Global air freight spend rose 25% in Q4

01 February 2018

Global air freight revenues rose by 25%, year on year (YoY), in the fourth quarter of 2017 as the bumper year ended with an exceptionally lucrative peak season for air cargo carriers.

Although YoY volume growth slowed to 6.6% in the final quarter, partly because of a tough comparison against the busy Q4 2016, double-digit rises in prices drove up total revenues by one quarter, according to figures just published by WorldACD.

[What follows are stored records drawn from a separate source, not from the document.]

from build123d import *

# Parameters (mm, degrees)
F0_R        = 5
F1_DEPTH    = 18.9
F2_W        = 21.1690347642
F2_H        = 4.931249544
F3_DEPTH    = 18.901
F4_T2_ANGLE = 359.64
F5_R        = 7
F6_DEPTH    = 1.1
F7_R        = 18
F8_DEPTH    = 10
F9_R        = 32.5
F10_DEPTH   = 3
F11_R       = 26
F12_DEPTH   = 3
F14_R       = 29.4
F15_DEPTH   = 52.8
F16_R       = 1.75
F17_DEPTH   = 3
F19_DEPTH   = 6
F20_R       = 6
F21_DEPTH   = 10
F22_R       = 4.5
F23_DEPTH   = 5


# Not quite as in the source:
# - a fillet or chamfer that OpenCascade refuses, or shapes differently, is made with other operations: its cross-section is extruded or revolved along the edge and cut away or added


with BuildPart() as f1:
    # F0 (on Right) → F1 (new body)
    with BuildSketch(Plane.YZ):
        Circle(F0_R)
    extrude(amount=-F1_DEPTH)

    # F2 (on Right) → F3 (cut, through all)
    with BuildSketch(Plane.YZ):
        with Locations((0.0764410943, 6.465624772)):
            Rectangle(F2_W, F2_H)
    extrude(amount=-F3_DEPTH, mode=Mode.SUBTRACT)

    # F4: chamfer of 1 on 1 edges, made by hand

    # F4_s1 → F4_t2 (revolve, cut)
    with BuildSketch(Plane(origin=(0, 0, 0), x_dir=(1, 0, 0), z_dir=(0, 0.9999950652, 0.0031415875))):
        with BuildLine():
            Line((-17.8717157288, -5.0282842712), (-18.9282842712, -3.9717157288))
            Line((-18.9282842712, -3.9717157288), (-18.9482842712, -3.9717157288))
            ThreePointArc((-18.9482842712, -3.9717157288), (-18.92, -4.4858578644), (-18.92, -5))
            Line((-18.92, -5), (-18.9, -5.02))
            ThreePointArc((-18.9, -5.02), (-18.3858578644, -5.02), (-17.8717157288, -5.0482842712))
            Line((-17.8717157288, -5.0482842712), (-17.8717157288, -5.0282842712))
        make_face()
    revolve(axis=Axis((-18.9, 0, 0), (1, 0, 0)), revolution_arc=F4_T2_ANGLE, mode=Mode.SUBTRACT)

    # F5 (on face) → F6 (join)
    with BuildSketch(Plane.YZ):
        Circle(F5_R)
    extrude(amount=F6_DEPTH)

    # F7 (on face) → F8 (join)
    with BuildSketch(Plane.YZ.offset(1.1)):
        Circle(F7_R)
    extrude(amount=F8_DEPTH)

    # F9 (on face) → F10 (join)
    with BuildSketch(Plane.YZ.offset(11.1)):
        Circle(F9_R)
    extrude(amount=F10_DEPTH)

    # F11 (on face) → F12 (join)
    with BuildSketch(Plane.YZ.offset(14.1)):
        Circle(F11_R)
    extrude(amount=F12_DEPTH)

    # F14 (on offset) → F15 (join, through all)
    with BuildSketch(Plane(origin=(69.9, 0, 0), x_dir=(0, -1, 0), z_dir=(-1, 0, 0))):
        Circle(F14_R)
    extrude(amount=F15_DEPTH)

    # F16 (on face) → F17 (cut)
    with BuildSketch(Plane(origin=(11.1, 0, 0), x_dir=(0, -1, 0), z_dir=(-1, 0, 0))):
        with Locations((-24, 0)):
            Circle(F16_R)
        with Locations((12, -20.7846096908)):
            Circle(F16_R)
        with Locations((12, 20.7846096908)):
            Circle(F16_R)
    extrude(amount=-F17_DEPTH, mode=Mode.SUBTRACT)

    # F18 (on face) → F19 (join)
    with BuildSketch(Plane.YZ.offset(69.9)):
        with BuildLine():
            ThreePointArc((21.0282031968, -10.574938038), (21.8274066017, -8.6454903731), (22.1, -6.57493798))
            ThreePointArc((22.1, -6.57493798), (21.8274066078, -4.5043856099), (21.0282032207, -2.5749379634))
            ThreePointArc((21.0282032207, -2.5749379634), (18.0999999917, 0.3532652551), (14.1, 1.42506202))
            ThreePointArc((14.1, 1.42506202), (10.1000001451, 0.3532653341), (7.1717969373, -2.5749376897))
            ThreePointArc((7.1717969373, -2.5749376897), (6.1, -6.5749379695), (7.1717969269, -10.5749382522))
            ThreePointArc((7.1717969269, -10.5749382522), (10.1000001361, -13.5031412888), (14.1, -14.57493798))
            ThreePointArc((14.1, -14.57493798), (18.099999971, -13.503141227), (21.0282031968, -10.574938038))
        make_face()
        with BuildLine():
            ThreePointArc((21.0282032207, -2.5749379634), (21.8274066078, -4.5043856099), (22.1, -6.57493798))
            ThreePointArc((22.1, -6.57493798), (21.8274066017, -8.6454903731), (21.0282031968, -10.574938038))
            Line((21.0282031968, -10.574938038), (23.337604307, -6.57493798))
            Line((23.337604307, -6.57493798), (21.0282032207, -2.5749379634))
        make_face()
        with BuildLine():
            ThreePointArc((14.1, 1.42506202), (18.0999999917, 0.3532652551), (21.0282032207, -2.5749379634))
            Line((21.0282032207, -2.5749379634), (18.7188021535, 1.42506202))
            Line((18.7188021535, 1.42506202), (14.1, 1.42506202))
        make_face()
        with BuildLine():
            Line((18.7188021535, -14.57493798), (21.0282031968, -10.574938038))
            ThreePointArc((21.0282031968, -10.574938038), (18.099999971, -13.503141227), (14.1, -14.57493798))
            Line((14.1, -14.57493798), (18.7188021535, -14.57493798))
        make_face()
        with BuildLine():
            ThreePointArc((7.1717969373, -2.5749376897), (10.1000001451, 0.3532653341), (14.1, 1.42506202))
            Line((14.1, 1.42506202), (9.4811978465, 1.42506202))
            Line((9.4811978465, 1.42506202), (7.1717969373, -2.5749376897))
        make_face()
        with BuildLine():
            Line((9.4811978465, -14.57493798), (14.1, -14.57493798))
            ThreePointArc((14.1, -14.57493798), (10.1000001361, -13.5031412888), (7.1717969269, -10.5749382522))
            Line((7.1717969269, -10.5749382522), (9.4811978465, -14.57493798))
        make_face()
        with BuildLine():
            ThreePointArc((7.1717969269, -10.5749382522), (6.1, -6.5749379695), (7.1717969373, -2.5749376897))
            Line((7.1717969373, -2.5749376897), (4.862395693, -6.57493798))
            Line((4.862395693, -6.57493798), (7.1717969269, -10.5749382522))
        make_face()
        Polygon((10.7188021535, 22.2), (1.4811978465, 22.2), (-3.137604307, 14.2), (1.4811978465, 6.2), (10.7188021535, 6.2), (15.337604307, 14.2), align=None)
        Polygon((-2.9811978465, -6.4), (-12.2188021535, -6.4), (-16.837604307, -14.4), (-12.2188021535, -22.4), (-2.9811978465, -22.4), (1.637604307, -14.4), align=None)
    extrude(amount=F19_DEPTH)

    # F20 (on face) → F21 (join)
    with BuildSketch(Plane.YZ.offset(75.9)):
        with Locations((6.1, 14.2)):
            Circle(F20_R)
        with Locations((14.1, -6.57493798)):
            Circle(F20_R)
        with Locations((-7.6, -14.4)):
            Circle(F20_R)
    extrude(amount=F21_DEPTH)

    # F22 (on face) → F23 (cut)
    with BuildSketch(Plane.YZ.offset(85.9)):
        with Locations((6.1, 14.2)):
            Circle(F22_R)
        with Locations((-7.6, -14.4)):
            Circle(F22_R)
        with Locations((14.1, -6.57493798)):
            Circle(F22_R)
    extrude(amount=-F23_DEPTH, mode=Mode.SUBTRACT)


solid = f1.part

Yields, in US dollar terms, started to grow with double-digit percentages from September 2017, WorldACD noted, adding: “Capacity shortages in a number of markets, rate-of-exchange fluctuations and rising oil prices all had a role to play in the resulting worldwide airline revenue growth of over 25% in the last quarter of a truly remarkable air cargo year.”

“For the fourth quarter as a whole, YoY volume growth was 6.6%, impressive in the light of the fact that air cargo − after years of a lacklustre performance − started to grow again as from September 2016. Of course, this fact made it more difficult for the industry to record strong year-over-year volume growth figures in the latter part of 2017. However, that difficulty did not stand in the way of serious revenue growth for the airlines in Q4.”

December was unusually strong, particularly in pricing terms. December saw YoY growth of 4.5% in worldwide air cargo volumes, with the main contributors being cargo originating in Asia Pacific (+8%) and North America (+5.1%). Europe’s growth was just 2.2%, while air cargo originating in Africa contracted by 7.5% and Middle East & South Asia (MESA) and Central & South America saw an increase in step with the worldwide average.

But worldwide yields in December were up by 10%, YoY, measured in Euros, “and by a whopping 23.5% in US$”, WorldACD noted. “Compared to November, US$-yields rose by 2.5%, another noteworthy feature, as yields usually drop between November and December.”

“We can safely call 2017 a real bumper year,” concluded WorldACD. “Many records were broken, and most signs stood on green for almost the entire year. Yet, the year was no different from other years in the sense that 2017 also knew winners and losers: origin & destination cities, sectors and companies that grew, others that lagged behind.”

In its top level overview of 2017, it noted that while general cargo tonnages increased by 10.5%, specific cargo products grew by 7.4%, making for an overall volume growth of 9.6% in 2017 (10.8% in WorldACD’s direct tonne kilometre measure, DTK).

Yield improvement (in US$) was also larger for general cargo (+9.4%), compared with special products (+5.9%). Among the special products, the categories with the highest volume growth were Vulnerables & High Tech, Pharmaceuticals, and Flowers.

Of the 50 largest origin cities, four recorded a growth of well over 20%: Hanoi (leading with 25.5%), Brussels, Colombo and Ho Chi Minh City. Hong Kong remained the number 1 origin point, growing 16%.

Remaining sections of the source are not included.